* _TASK TO CARRY OUT_
Line by line, set down the records below from the first line through the line containing "#12=(NAMED_UNIT(*) SI_UNIT($,.STERADIAN.) SOLID_ANGLE_UNIT());". Omit the pictures.
|---|
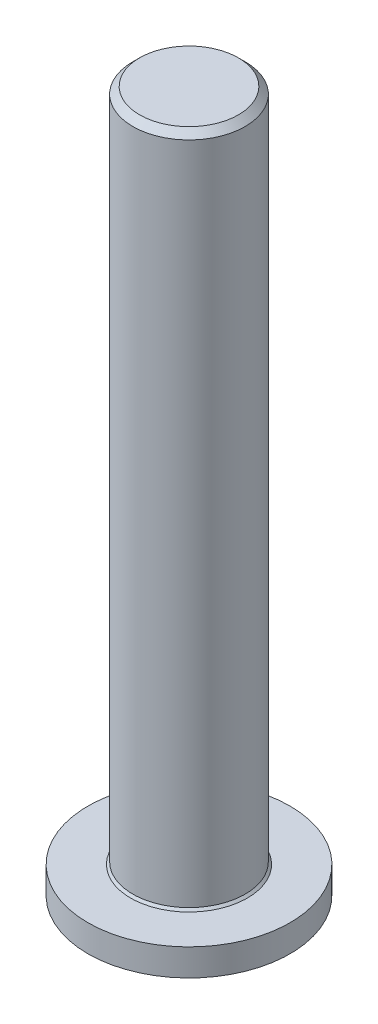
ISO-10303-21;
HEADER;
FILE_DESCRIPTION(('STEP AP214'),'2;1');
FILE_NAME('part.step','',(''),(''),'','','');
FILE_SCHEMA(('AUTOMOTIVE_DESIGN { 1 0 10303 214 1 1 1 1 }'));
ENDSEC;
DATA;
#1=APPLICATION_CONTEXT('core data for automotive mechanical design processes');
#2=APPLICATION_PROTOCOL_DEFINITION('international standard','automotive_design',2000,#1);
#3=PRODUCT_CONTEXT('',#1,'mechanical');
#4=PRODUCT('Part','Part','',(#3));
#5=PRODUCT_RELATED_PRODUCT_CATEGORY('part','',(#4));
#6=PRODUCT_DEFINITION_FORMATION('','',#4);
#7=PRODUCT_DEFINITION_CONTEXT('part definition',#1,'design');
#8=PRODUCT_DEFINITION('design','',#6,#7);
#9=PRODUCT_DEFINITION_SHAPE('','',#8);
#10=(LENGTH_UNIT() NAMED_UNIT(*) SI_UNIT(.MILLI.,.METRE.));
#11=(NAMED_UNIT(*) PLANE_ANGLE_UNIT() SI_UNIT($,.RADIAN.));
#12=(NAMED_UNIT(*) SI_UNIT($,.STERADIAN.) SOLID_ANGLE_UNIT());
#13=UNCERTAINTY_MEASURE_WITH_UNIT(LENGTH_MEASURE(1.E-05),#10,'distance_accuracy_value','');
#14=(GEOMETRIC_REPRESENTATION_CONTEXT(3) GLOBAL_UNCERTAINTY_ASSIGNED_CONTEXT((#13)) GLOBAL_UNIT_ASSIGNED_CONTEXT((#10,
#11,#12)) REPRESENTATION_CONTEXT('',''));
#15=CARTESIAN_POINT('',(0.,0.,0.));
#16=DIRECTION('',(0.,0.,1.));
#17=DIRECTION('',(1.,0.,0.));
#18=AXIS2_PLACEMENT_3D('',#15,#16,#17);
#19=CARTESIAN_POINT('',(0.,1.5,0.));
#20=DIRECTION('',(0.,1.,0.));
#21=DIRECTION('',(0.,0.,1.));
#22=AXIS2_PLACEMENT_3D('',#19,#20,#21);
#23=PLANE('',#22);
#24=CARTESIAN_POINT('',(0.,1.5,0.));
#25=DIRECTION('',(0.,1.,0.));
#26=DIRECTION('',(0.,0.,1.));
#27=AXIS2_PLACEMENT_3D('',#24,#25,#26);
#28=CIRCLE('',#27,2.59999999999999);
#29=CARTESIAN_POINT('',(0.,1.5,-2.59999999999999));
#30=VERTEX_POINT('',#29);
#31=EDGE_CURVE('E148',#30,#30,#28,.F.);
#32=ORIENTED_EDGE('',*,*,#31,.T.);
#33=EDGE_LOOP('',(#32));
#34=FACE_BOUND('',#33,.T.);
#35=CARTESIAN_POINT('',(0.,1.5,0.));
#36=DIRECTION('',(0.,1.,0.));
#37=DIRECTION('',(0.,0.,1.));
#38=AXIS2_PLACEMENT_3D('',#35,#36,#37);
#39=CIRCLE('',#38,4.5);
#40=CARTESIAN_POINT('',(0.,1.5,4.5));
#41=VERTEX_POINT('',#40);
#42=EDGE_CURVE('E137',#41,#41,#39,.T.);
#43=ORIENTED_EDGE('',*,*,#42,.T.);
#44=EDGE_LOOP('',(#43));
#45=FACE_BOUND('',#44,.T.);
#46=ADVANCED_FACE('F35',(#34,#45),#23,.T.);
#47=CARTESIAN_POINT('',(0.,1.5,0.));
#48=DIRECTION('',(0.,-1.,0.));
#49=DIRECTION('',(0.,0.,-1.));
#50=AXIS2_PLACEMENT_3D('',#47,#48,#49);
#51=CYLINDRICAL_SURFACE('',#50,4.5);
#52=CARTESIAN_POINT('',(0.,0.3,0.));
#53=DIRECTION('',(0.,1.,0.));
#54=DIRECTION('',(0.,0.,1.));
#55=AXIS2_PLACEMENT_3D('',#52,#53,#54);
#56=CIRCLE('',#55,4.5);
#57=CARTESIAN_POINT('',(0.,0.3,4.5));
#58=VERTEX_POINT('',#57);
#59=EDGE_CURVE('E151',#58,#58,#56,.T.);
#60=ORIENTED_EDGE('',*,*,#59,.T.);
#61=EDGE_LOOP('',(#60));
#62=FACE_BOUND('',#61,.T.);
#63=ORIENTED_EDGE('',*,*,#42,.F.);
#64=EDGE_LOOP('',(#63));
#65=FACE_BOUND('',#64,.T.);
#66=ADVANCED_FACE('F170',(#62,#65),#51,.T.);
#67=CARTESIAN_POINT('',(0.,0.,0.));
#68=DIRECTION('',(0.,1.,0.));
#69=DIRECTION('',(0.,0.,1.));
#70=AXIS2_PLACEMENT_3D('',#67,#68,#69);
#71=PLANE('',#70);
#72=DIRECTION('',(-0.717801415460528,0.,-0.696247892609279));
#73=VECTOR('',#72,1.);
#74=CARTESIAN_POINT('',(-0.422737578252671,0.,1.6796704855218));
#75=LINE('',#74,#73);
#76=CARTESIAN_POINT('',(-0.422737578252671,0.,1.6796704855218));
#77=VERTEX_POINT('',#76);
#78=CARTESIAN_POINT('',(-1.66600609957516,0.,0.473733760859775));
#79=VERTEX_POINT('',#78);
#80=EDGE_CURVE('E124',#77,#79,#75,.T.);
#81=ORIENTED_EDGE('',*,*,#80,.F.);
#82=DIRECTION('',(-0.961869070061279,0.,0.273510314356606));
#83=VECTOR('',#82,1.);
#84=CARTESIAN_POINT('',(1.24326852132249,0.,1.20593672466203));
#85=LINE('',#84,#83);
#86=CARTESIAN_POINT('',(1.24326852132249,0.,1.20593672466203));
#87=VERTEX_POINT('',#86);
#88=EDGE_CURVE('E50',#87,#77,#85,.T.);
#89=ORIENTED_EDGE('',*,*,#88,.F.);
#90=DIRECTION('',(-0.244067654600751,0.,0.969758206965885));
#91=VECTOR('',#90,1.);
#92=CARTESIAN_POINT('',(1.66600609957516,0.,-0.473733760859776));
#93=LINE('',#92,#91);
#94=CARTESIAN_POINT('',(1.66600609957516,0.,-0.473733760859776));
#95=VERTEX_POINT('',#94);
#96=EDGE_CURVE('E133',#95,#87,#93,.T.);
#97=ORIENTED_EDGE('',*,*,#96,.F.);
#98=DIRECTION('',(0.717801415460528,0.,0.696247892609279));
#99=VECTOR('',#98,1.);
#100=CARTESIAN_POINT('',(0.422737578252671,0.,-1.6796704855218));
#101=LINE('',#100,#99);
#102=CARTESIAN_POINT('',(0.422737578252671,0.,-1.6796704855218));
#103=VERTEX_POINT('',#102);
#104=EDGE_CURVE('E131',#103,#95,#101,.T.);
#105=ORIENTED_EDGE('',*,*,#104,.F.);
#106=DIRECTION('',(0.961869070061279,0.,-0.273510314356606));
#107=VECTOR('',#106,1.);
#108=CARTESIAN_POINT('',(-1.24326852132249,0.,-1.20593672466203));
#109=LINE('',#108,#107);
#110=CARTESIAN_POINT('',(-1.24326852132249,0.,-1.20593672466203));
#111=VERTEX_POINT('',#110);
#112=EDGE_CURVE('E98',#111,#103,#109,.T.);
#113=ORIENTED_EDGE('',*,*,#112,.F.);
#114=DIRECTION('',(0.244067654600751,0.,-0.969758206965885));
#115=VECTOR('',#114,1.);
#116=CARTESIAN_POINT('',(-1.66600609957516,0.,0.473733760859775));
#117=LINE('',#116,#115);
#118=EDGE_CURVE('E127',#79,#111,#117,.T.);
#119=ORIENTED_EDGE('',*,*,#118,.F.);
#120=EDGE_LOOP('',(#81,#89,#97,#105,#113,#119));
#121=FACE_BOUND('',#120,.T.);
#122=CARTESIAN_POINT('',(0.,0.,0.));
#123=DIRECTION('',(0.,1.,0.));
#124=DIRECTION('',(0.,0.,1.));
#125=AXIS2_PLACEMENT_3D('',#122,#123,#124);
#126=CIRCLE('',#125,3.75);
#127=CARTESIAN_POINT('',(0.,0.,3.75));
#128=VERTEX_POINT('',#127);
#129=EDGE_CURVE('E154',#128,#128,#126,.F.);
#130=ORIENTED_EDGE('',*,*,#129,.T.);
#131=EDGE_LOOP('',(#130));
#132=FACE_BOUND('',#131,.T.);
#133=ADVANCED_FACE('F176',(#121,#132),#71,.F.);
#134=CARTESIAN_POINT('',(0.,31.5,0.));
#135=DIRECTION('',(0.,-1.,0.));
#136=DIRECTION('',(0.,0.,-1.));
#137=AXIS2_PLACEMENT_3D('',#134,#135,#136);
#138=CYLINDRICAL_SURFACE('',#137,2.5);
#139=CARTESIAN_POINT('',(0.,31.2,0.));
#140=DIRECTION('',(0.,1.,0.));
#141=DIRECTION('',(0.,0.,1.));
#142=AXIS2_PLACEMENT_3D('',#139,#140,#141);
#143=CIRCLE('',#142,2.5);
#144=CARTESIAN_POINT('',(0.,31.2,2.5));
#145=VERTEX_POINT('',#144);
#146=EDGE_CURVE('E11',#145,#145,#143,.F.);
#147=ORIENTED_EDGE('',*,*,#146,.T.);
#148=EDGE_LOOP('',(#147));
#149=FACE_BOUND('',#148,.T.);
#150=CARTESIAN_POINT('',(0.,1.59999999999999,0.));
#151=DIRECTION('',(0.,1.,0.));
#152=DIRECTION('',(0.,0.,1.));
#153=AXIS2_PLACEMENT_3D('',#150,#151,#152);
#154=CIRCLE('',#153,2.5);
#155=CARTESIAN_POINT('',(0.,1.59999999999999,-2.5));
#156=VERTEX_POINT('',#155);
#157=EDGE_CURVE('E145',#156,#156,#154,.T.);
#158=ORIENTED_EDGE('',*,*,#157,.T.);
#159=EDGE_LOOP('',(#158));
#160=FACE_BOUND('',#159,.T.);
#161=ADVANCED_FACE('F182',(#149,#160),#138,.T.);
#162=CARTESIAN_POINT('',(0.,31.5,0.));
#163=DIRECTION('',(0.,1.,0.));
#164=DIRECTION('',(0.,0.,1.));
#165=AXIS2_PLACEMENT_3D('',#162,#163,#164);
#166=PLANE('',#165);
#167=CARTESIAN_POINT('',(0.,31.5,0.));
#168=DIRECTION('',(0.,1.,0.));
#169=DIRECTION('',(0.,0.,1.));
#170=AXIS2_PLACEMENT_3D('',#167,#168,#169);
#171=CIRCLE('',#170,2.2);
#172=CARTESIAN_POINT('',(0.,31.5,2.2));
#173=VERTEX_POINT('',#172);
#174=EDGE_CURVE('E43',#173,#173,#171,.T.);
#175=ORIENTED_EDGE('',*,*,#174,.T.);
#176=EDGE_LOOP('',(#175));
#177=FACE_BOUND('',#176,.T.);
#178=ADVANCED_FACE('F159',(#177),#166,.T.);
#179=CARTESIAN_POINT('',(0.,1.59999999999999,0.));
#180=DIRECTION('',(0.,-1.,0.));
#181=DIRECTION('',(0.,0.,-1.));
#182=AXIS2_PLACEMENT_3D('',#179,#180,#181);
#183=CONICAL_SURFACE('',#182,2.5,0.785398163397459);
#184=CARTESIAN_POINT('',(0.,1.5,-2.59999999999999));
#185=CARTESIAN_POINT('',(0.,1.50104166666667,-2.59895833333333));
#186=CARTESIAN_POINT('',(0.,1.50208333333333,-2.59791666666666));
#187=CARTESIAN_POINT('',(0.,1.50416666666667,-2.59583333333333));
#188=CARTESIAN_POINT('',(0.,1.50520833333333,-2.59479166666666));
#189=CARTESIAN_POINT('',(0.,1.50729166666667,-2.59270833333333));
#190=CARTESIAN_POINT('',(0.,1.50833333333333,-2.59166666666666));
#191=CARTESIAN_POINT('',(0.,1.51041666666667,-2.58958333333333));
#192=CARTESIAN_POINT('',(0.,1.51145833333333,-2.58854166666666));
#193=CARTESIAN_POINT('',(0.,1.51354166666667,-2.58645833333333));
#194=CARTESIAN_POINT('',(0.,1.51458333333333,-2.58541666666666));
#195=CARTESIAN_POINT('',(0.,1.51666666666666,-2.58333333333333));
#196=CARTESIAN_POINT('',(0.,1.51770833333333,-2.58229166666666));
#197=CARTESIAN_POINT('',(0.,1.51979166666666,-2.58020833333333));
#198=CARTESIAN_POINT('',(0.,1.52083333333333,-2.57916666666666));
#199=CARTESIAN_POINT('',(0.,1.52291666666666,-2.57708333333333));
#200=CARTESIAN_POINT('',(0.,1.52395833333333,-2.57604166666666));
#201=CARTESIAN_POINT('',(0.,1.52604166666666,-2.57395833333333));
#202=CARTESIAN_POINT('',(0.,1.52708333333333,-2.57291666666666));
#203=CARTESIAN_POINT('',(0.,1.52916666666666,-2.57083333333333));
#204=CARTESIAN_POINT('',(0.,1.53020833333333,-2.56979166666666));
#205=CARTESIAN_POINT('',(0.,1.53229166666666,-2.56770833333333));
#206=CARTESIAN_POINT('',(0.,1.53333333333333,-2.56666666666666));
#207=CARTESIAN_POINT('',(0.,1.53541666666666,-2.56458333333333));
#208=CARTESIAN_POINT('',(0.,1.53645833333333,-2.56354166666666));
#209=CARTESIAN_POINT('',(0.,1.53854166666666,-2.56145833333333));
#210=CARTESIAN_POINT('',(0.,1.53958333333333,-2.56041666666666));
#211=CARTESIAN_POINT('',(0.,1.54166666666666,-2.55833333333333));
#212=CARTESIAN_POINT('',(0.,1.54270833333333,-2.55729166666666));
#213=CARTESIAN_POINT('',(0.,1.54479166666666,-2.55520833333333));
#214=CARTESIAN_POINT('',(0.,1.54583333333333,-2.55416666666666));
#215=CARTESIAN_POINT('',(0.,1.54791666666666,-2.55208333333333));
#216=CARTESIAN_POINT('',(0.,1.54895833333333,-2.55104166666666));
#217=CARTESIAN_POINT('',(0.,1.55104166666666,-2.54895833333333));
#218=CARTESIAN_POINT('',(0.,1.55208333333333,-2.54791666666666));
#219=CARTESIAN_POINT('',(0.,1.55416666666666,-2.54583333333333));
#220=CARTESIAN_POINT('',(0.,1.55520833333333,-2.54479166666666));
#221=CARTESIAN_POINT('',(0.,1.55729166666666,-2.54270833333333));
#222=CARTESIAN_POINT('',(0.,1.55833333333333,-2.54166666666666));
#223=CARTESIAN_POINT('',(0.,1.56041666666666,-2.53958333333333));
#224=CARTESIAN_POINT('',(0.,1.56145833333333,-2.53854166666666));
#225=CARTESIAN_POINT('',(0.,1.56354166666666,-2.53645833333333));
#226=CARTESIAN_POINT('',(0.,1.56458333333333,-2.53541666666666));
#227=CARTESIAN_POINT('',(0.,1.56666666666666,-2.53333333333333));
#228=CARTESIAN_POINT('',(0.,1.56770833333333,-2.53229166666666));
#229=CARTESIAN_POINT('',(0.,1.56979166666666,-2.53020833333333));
|---|
* _REPLY TO THE TASK_
ISO-10303-21;
HEADER;
FILE_DESCRIPTION(('STEP AP214'),'2;1');
FILE_NAME('part.step','',(''),(''),'','','');
FILE_SCHEMA(('AUTOMOTIVE_DESIGN { 1 0 10303 214 1 1 1 1 }'));
ENDSEC;
DATA;
#1=APPLICATION_CONTEXT('core data for automotive mechanical design processes');
#2=APPLICATION_PROTOCOL_DEFINITION('international standard','automotive_design',2000,#1);
#3=PRODUCT_CONTEXT('',#1,'mechanical');
#4=PRODUCT('Part','Part','',(#3));
#5=PRODUCT_RELATED_PRODUCT_CATEGORY('part','',(#4));
#6=PRODUCT_DEFINITION_FORMATION('','',#4);
#7=PRODUCT_DEFINITION_CONTEXT('part definition',#1,'design');
#8=PRODUCT_DEFINITION('design','',#6,#7);
#9=PRODUCT_DEFINITION_SHAPE('','',#8);
#10=(LENGTH_UNIT() NAMED_UNIT(*) SI_UNIT(.MILLI.,.METRE.));
#11=(NAMED_UNIT(*) PLANE_ANGLE_UNIT() SI_UNIT($,.RADIAN.));
#12=(NAMED_UNIT(*) SI_UNIT($,.STERADIAN.) SOLID_ANGLE_UNIT());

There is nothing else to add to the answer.